そのたびに策を講じ、言を尽くしたが、誰も彼を信じなかった。


――理由は明白だった。出自、そして“空気”である。身分の壁は、いかなる知よりも重く、言葉よりも強かった。


「七度目の転生の果て、日吉丸は泥にまみれた牢の中で、冷たい天井を見つめながらついに悟った。

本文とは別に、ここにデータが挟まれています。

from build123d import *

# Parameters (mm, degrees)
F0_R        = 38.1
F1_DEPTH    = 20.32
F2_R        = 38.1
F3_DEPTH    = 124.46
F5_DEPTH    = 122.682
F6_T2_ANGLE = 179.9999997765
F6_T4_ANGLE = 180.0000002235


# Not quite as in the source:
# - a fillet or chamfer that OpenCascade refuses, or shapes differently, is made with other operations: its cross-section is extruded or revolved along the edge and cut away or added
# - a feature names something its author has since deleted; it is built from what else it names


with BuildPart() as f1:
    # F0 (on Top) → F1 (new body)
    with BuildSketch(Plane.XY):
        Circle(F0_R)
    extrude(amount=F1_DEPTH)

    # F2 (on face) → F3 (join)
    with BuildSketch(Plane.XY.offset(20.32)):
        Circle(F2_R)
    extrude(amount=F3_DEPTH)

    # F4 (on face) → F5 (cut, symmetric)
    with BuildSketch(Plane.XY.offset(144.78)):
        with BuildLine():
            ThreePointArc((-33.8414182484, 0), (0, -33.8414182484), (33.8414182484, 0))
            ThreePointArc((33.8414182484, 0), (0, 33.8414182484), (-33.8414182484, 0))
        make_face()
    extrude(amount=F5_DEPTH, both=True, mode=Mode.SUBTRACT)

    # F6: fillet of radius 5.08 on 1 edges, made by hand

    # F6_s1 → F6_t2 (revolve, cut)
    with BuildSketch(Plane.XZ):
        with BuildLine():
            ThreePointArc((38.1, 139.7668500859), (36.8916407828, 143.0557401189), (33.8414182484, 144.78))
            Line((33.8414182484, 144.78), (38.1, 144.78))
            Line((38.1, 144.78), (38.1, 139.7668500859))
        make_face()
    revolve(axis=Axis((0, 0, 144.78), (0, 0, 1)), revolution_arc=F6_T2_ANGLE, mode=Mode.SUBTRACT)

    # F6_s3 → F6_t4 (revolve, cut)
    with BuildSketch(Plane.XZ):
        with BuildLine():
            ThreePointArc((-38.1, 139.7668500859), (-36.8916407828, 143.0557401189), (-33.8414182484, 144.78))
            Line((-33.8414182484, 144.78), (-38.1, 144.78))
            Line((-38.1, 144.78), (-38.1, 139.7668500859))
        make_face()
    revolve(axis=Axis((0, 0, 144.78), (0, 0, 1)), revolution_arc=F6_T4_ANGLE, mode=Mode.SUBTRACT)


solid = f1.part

『ここでは、何をどう動いても、空気が変わらぬ限りすべて徒労……ならば、変えるべきは、この身分制度に縛られた構造そのものだ』」


今川では「下賤の身の者が才能を示すことへの拒絶」という集合意識”空気”が強すぎて歴史を変える舞台に立つことすらかなわないと見切った健一であった。


次に目覚めた時、彼は驚愕する。


――時は、桶狭間の“前年”に戻っていた。


この機を逃せば、また空気に潰されるだけだ。


「信長に仕える。それしか道はない」


日吉丸は、歴史を変えるため、自らの宿命を断ち切るため、ついに決断する。


“今川ではなく、信長へ”――この決断が、日吉丸にとって、そして戦国という時代にとって、新たな運命の扉を開くことになるのだった。



ご覧いただきありがとうございます。


本章は、「過去と自分をつなぐ手がかり」が浮かび上がる内省的なパートでした。


これは、彼の才覚が既存の秩序(出自)を脅かす「異物」と認識された結果であり、その才が理解不能なものとして「空気」の中で排除された最初の具体的な例と言えるでしょう。


彼の言葉は、彼らが長年培ってきた経験や常識を否定するかのようで、家臣たちの内心に漠然とした不安と不快感を植え付けてしまったのです。